True that. I have often restarted civ games because of a poor initial location. More so in civ 4 than in civ 5 though.
Also, thanks for making me aware of Fall to Heaven ! It looks really interesting. I never saw much point in the scenarios and mods for civ 4, but when I finally started to check them out I had as much fun (or more) with them as with the regular game.
I thought of another one. As a big John Carpenter fan, I was super thrilled when The Thing video game came out. The game had blood test parts, but that first level where you gave one of the crew members a blood test, he cleared it, then suddenly morphed out into thing-mode, I just split mentally from the game at that point. Definitely a NO moment. The scripting, level design, and voice acting was so bad and poorly thought out that I realized that it was going to be a real struggle just to get through it.

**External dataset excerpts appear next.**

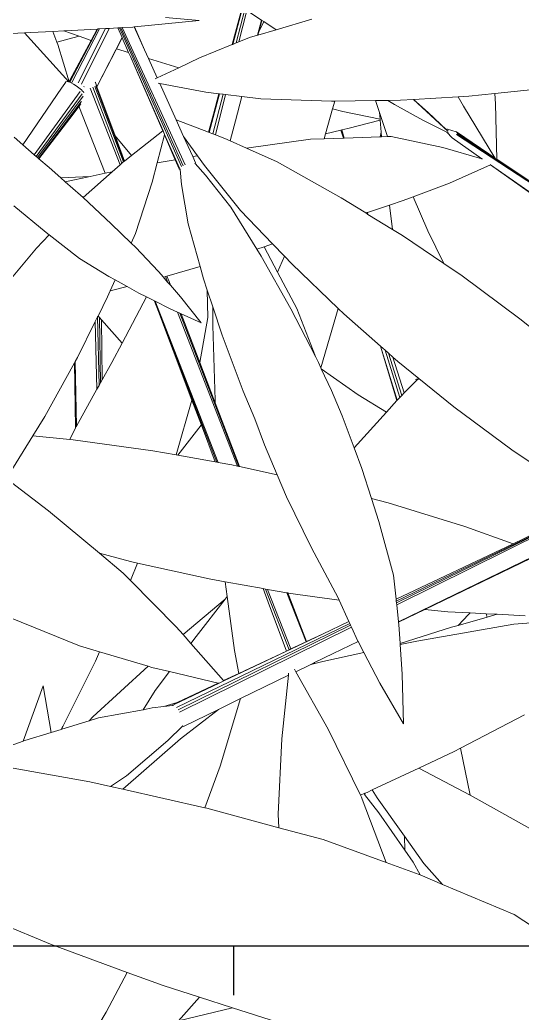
# Model space of a CAD drawing. Header units: millimetres. Extents: x 18 to 174501, y 22 to 24571.
# Drawn here: x 18390.8 to 18471.4, y 22172.2 to 22331.5 of the extents above; entities that cross this region are included whole.
import ezdxf

# ---------------------------------------------------------------- set-up
doc = ezdxf.new("R2010")
doc.units = ezdxf.units.MM
doc.header["$MEASUREMENT"] = 0
doc.layers.add('Edges', color=7, linetype='Continuous', lineweight=18)
doc.layers.add('tampak', color=7, linetype='Continuous')

# ---------------------------------------------------------------- blocks, each defined once
blk = doc.blocks.new('OUTDOOR')
at = {"layer": 'tampak', "transparency": 33554687}
h = blk.add_hatch(dxfattribs=at)
h.set_pattern_fill('CROSS', scale=400)
h.paths.add_polyline_path([(1833117.56, 62258.33), (1829017.56, 62258.33), (1829017.56, 55399.79), (1833117.56, 55399.79)])
blk.add_lwpolyline([(1829016.1, 62258.33), (1833117.56, 62258.33)])
blk = doc.blocks.new('BAMBOOPLAN')
at = {"layer": 'Edges'}
for p, q in [((4.8715, 2.2415), (4.8945, 2.3264)), ((4.8728, 2.2421), (4.8951, 2.326)), ((4.7957, 2.2969), (4.7189, 2.3034)), ((4.9009, 2.3223), (4.8811, 2.2454)), ((4.905, 2.3196), (4.8868, 2.2478)), ((4.905, 2.3196), (4.9388, 2.2976)), ((4.5621, 2.2773), (4.4877, 2.2733)), ((4.4995, 2.1552), (4.5637, 2.2774)), ((4.5039, 2.1545), (4.5676, 2.2776)), ((4.581, 2.2783), (4.5183, 2.1537)), ((4.5893, 2.2788), (4.5259, 2.151)), ((4.5482, 2.2512), (4.5621, 2.2773)), ((4.5637, 2.2774), (4.5621, 2.2773)), ((4.5657, 2.2775), (4.5637, 2.2774)), ((4.5676, 2.2776), (4.5657, 2.2775)), ((4.581, 2.2783), (4.5676, 2.2776)), ((4.5893, 2.2788), (4.581, 2.2783)), ((4.6093, 2.2799), (4.5893, 2.2788)), ((4.613, 2.2801), (4.6093, 2.2799)), ((4.6192, 2.2575), (4.6093, 2.2799)), ((4.616, 2.2803), (4.613, 2.2801)), ((4.613, 2.2801), (4.7557, 1.9618)), ((4.6198, 2.2805), (4.616, 2.2803)), ((4.616, 2.2803), (4.7595, 1.964)), ((4.6438, 2.2818), (4.6198, 2.2805)), ((4.6198, 2.2805), (4.764, 1.9661)), ((4.6472, 2.2821), (4.6438, 2.2818)), ((4.6474, 2.2822), (4.6472, 2.2821)), ((4.6708, 2.2296), (4.6472, 2.2821)), ((4.7957, 2.2969), (4.6474, 2.2822)), ((4.6708, 2.2296), (4.6474, 2.2822)), ((4.9299, 2.2631), (4.9388, 2.2976)), ((4.9327, 2.2706), (4.9397, 2.2971)), ((4.9327, 2.2706), (4.9439, 2.2943)), ((4.9388, 2.2976), (4.9397, 2.2971)), ((4.9397, 2.2971), (4.9439, 2.2943)), ((4.9439, 2.2943), (4.9727, 2.2756)), ((5.0543, 2.2995), (4.9727, 2.2756)), ((4.3957, 2.2686), (4.3329, 2.2654)), ((4.4101, 2.2693), (4.3957, 2.2686)), ((4.4975, 2.1562), (4.3957, 2.2686)), ((4.4605, 2.2719), (4.4101, 2.2693)), ((4.4857, 2.2732), (4.4605, 2.2719)), ((4.4697, 2.2474), (4.4605, 2.2719)), ((4.5174, 2.2602), (4.4697, 2.2474)), ((4.4877, 2.2733), (4.4857, 2.2732)), ((4.4857, 2.2732), (4.5206, 2.2609)), ((4.5206, 2.2609), (4.5174, 2.2602)), ((4.5206, 2.2609), (4.5482, 2.2512)), ((4.5617, 2.1451), (4.6192, 2.2575)), ((4.6066, 2.2316), (4.6196, 2.2567)), ((4.6196, 2.2567), (4.6192, 2.2575)), ((4.6343, 2.2233), (4.6196, 2.2567)), ((4.9113, 2.2577), (4.8868, 2.2478)), ((4.9299, 2.2631), (4.9113, 2.2577)), ((4.9308, 2.2634), (4.9299, 2.2631)), ((4.9727, 2.2756), (4.9308, 2.2634)), ((4.9308, 2.2634), (4.9327, 2.2706)), ((4.4719, 2.2415), (4.4697, 2.2474)), ((4.4976, 2.1564), (4.4719, 2.2415)), ((4.4994, 2.1597), (4.5482, 2.2512)), ((4.5617, 2.1451), (4.6066, 2.2316)), ((4.6066, 2.2316), (4.6343, 2.2233)), ((4.8715, 2.2415), (4.7967, 2.2112)), ((4.8728, 2.2421), (4.8715, 2.2415)), ((4.8811, 2.2454), (4.8728, 2.2421)), ((4.8868, 2.2478), (4.8811, 2.2454)), ((4.6382, 2.2143), (4.6343, 2.2233)), ((4.7125, 2.0436), (4.6382, 2.2143)), ((4.7131, 2.0441), (4.6382, 2.2143)), ((4.6799, 2.2095), (4.6708, 2.2296)), ((4.6799, 2.2095), (4.7492, 2.1886)), ((4.6999, 2.1651), (4.6799, 2.2095)), ((4.7967, 2.2112), (4.7492, 2.1886)), ((4.7492, 2.1886), (4.6999, 2.1651)), ((4.6999, 2.1651), (4.6954, 2.1629)), ((4.4801, 2.1417), (4.3913, 2.0121)), ((4.4801, 2.1417), (4.3916, 2.0119)), ((4.4876, 2.1527), (4.4801, 2.1417)), ((4.4876, 2.1527), (4.4905, 2.1565)), ((4.4931, 2.157), (4.4905, 2.1565)), ((4.4971, 2.1561), (4.4931, 2.157)), ((4.4974, 2.156), (4.4971, 2.1561)), ((4.4974, 2.156), (4.4975, 2.1562)), ((4.4995, 2.1552), (4.4974, 2.156)), ((4.4975, 2.1562), (4.4976, 2.1564)), ((4.4976, 2.1564), (4.4994, 2.1597)), ((4.5022, 2.1541), (4.4995, 2.1552)), ((4.508, 2.151), (4.5022, 2.1541)), ((4.5141, 2.147), (4.508, 2.151)), ((4.5202, 2.1425), (4.5141, 2.147)), ((4.5258, 2.1376), (4.5202, 2.1425)), ((4.532, 2.1453), (4.5318, 2.1451)), ((4.532, 2.1454), (4.532, 2.1453)), ((4.6145, 1.9661), (4.5461, 2.1416)), ((4.6189, 1.9699), (4.5518, 2.1437)), ((4.6222, 1.9728), (4.5564, 2.1454)), ((4.5577, 2.1552), (4.558, 2.155)), ((4.5608, 2.1476), (4.558, 2.155)), ((4.5594, 2.1468), (4.6239, 1.9741)), ((4.5608, 2.1476), (4.5617, 2.1451)), ((4.5617, 2.1451), (4.6033, 2.0322)), ((4.7057, 2.1522), (4.7021, 2.1529)), ((4.7431, 2.0692), (4.7057, 2.1522)), ((4.8113, 2.1328), (4.7057, 2.1522)), ((4.418, 1.989), (4.5229, 2.1338)), ((4.4221, 1.9854), (4.5276, 2.129)), ((4.4255, 1.9825), (4.5302, 2.1234)), ((4.5284, 2.1349), (4.5258, 2.1376)), ((4.5305, 2.1329), (4.5284, 2.1349)), ((4.5317, 2.1313), (4.5305, 2.1329)), ((4.8411, 2.129), (4.8113, 2.1328)), ((4.8192, 2.0401), (4.8427, 2.1288)), ((4.8509, 2.1278), (4.8275, 2.0369)), ((4.8285, 2.0824), (4.8411, 2.129)), ((4.8564, 2.1271), (4.8331, 2.0348)), ((4.8427, 2.1288), (4.8411, 2.129)), ((4.8509, 2.1278), (4.8427, 2.1288)), ((4.8564, 2.1271), (4.8509, 2.1278)), ((4.8936, 2.1224), (4.8564, 2.1271)), ((4.8793, 2.0667), (4.8939, 2.1224)), ((4.8793, 2.0667), (4.8936, 2.1224)), ((4.8939, 2.1224), (4.8936, 2.1224)), ((4.9374, 2.1169), (4.8939, 2.1224)), ((5.3901, 2.1216), (5.2877, 2.1157)), ((5.4145, 2.123), (5.3901, 2.1216)), ((5.3901, 2.1216), (5.4019, 2.1002)), ((5.4737, 2.1292), (5.4145, 2.123)), ((5.5625, 2.1384), (5.4737, 2.1292)), ((5.4737, 2.1292), (5.4756, 2.1054)), ((4.4278, 1.9805), (4.5254, 2.1104)), ((4.5206, 2.1008), (4.4991, 2.0725)), ((4.5203, 2.1003), (4.4991, 2.0725)), ((4.5207, 2.1008), (4.5203, 2.1003)), ((4.5203, 2.1003), (4.5803, 1.9467)), ((4.5206, 2.1008), (4.5209, 2.1012)), ((4.5207, 2.1008), (4.5206, 2.1008)), ((4.5235, 2.1021), (4.5207, 2.1008)), ((4.521, 2.1012), (4.5209, 2.1012)), ((4.521, 2.1012), (4.5213, 2.1016)), ((4.5221, 2.1029), (4.5213, 2.1016)), ((4.522, 2.1026), (4.5213, 2.1016)), ((4.5239, 2.1052), (4.5228, 2.1037)), ((4.5245, 2.1059), (4.5239, 2.1052)), ((4.5254, 2.1104), (4.5258, 2.111)), ((5.0995, 2.1121), (4.9374, 2.1169)), ((5.107, 2.1122), (5.0995, 2.1121)), ((5.1019, 2.0941), (5.107, 2.1122)), ((5.2003, 2.1133), (5.107, 2.1122)), ((5.2286, 2.1137), (5.2003, 2.1133)), ((5.2003, 2.1133), (5.2096, 2.0857)), ((5.2573, 2.114), (5.2286, 2.1137)), ((5.2286, 2.1137), (5.2441, 2.1039)), ((5.2441, 2.1039), (5.3091, 2.0685)), ((5.2871, 2.1157), (5.2573, 2.114)), ((5.2871, 2.1157), (5.3661, 2.0433)), ((5.2877, 2.1157), (5.2871, 2.1157)), ((5.2877, 2.1157), (5.3213, 2.0859)), ((5.4019, 2.1002), (5.4736, 1.9821)), ((5.4756, 2.1054), (5.4784, 1.9789)), ((4.4991, 2.0725), (4.4286, 1.9797)), ((4.8171, 2.0409), (4.8285, 2.0824)), ((4.8173, 2.0408), (4.8285, 2.0824)), ((5.0858, 2.037), (5.1019, 2.0941)), ((5.1019, 2.0941), (5.1255, 2.0882)), ((5.1255, 2.0882), (5.2108, 2.0703)), ((5.2096, 2.0857), (5.228, 2.0307)), ((5.2108, 2.0703), (5.2096, 2.0857)), ((5.3213, 2.0859), (5.3633, 2.0462)), ((4.7603, 2.031), (4.7431, 2.0692)), ((4.8171, 2.0409), (4.7431, 2.0692)), ((4.8674, 2.0208), (4.8793, 2.0667)), ((5.137, 2.0496), (5.123, 2.0461)), ((5.211, 2.0686), (5.137, 2.0496)), ((5.211, 2.0686), (5.2108, 2.0703)), ((5.2132, 2.0408), (5.211, 2.0686)), ((5.3091, 2.0685), (5.3635, 2.041)), ((4.3913, 2.0121), (4.3715, 2.0293)), ((4.641, 1.9875), (4.6033, 2.0322)), ((4.6033, 2.0322), (4.6245, 1.9746)), ((4.641, 1.9875), (4.7125, 2.0436)), ((4.6998, 1.9704), (4.7165, 2.0344)), ((4.7125, 2.0436), (4.7131, 2.0441)), ((4.7168, 2.0356), (4.7131, 2.0441)), ((4.7165, 2.0344), (4.7168, 2.0356)), ((4.7412, 1.9777), (4.7165, 2.0344)), ((4.7509, 1.958), (4.7168, 2.0356)), ((4.7921, 1.9866), (4.7603, 2.031)), ((4.7812, 1.9847), (4.7603, 2.031)), ((4.8173, 2.0408), (4.8171, 2.0409)), ((4.8192, 2.0401), (4.8173, 2.0408)), ((4.8275, 2.0369), (4.8192, 2.0401)), ((4.8331, 2.0348), (4.8275, 2.0369)), ((4.8549, 2.0264), (4.8331, 2.0348)), ((5.0825, 2.0255), (5.0858, 2.037)), ((5.0825, 2.0255), (5.127, 2.0271)), ((5.1211, 2.0457), (5.0858, 2.037)), ((5.123, 2.0461), (5.1211, 2.0457)), ((5.127, 2.0271), (5.1211, 2.0457)), ((5.1288, 2.0272), (5.123, 2.0461)), ((5.127, 2.0271), (5.1288, 2.0272)), ((5.1288, 2.0272), (5.2111, 2.0301)), ((5.2111, 2.0301), (5.2132, 2.0408)), ((5.2111, 2.0301), (5.2141, 2.0302)), ((5.2141, 2.0302), (5.2132, 2.0408)), ((5.2141, 2.0302), (5.228, 2.0307)), ((5.228, 2.0307), (5.236, 2.0309)), ((5.236, 2.0309), (5.3547, 2.0057)), ((5.3636, 2.0466), (5.3633, 2.0462)), ((5.3633, 2.0462), (5.3669, 2.0428)), ((5.3761, 2.0278), (5.3635, 2.041)), ((5.3635, 2.041), (5.3649, 2.0402)), ((5.3641, 2.0471), (5.3636, 2.0466)), ((5.3646, 2.0475), (5.3641, 2.0471)), ((5.3651, 2.0477), (5.3646, 2.0475)), ((5.3655, 2.0478), (5.3651, 2.0477)), ((5.3855, 2.0417), (5.3655, 2.0478)), ((5.366, 2.0397), (5.3668, 2.0393)), ((5.3756, 2.0287), (5.3757, 2.0286)), ((5.3761, 2.0278), (5.4442, 1.98)), ((5.3863, 2.0412), (5.3855, 2.0417)), ((5.8166, 1.7529), (5.3861, 2.0355)), ((5.3863, 2.0412), (5.4603, 1.9911)), ((5.7388, 1.8044), (5.3867, 2.0373)), ((5.3868, 2.0403), (5.4603, 1.9911)), ((4.3916, 2.0119), (4.3913, 2.0121)), ((4.418, 1.989), (4.3916, 2.0119)), ((4.8674, 2.0208), (4.8549, 2.0264)), ((4.9044, 2.0043), (4.8674, 2.0208)), ((4.9044, 2.0043), (5.0509, 2.0244)), ((4.9746, 1.9729), (4.9044, 2.0043)), ((5.0509, 2.0244), (5.0825, 2.0255)), ((5.3547, 2.0057), (5.4442, 1.98)), ((4.4221, 1.9854), (4.418, 1.989)), ((4.4255, 1.9825), (4.4221, 1.9854)), ((4.4278, 1.9805), (4.4255, 1.9825)), ((4.6245, 1.9746), (4.641, 1.9875)), ((4.7812, 1.9847), (4.7921, 1.9866)), ((4.7876, 1.9705), (4.7812, 1.9847)), ((4.8082, 1.9641), (4.7921, 1.9866)), ((5.4603, 1.9911), (5.4736, 1.9821)), ((5.4736, 1.9821), (5.4761, 1.9805)), ((4.4286, 1.9797), (4.4278, 1.9805)), ((4.4518, 1.9596), (4.4286, 1.9797)), ((4.4785, 1.9362), (4.4518, 1.9596)), ((4.5967, 1.9502), (4.6145, 1.9661)), ((4.6145, 1.9661), (4.6189, 1.9699)), ((4.6189, 1.9699), (4.6212, 1.972)), ((4.6212, 1.972), (4.6222, 1.9728)), ((4.6222, 1.9728), (4.6239, 1.9741)), ((4.6239, 1.9741), (4.6245, 1.9746)), ((4.6882, 1.9261), (4.6998, 1.9704)), ((4.6998, 1.9704), (4.7412, 1.9777)), ((4.7503, 1.9566), (4.7412, 1.9777)), ((4.787, 1.969), (4.7861, 1.97)), ((4.7876, 1.9705), (4.787, 1.969)), ((4.8104, 1.9426), (4.787, 1.969)), ((4.8908, 1.8611), (4.8082, 1.9641)), ((5.1216, 1.8902), (4.9746, 1.9729)), ((5.3702, 1.9239), (5.4639, 1.966)), ((5.4442, 1.98), (5.4459, 1.9795)), ((5.4639, 1.966), (5.464, 1.9661)), ((5.4639, 1.966), (5.6804, 1.8123)), ((5.464, 1.9661), (5.4648, 1.9664)), ((5.464, 1.9661), (6.2333, 1.426)), ((5.4784, 1.9789), (5.4784, 1.9787)), ((5.4784, 1.9789), (5.6671, 1.8524)), ((4.4785, 1.9362), (4.5463, 1.9394)), ((4.4889, 1.9271), (4.4785, 1.9362)), ((4.4889, 1.9271), (4.5463, 1.9394)), ((4.5298, 1.8908), (4.5967, 1.9502)), ((4.5463, 1.9394), (4.5803, 1.9467)), ((4.5803, 1.9467), (4.5967, 1.9502)), ((4.7503, 1.9566), (4.751, 1.9557)), ((4.751, 1.9557), (4.7524, 1.9552)), ((4.7524, 1.9552), (4.7523, 1.9566)), ((4.7558, 1.9212), (4.7524, 1.9552)), ((4.8684, 1.869), (4.8104, 1.9426)), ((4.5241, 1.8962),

Oh, and the whole 'government coming to steal the alien for their weapons division' plot was contrived and worn out. It was like they took the writers from the X-files, doped them up heavily and then made them write a script backwards using only hand signals and Morse code. What a shame that game turned out to be.
Not really with specific enemys in games. My "nope" moments are more the little rage times in RPGs when everything the player char is able to from levels, skills, spells & knowledge gained by reading ingame books gets thrown overboard to enforce the story in a specific direction. Mosts... "popular": The dying NPC scenario that completly ignores not only that bazillion heal, cure, regenerate spells but also the half bazillion of resurrection spells of the player cleric without any explanation given other than "yeah, we wanted to make a point and killed that companion char".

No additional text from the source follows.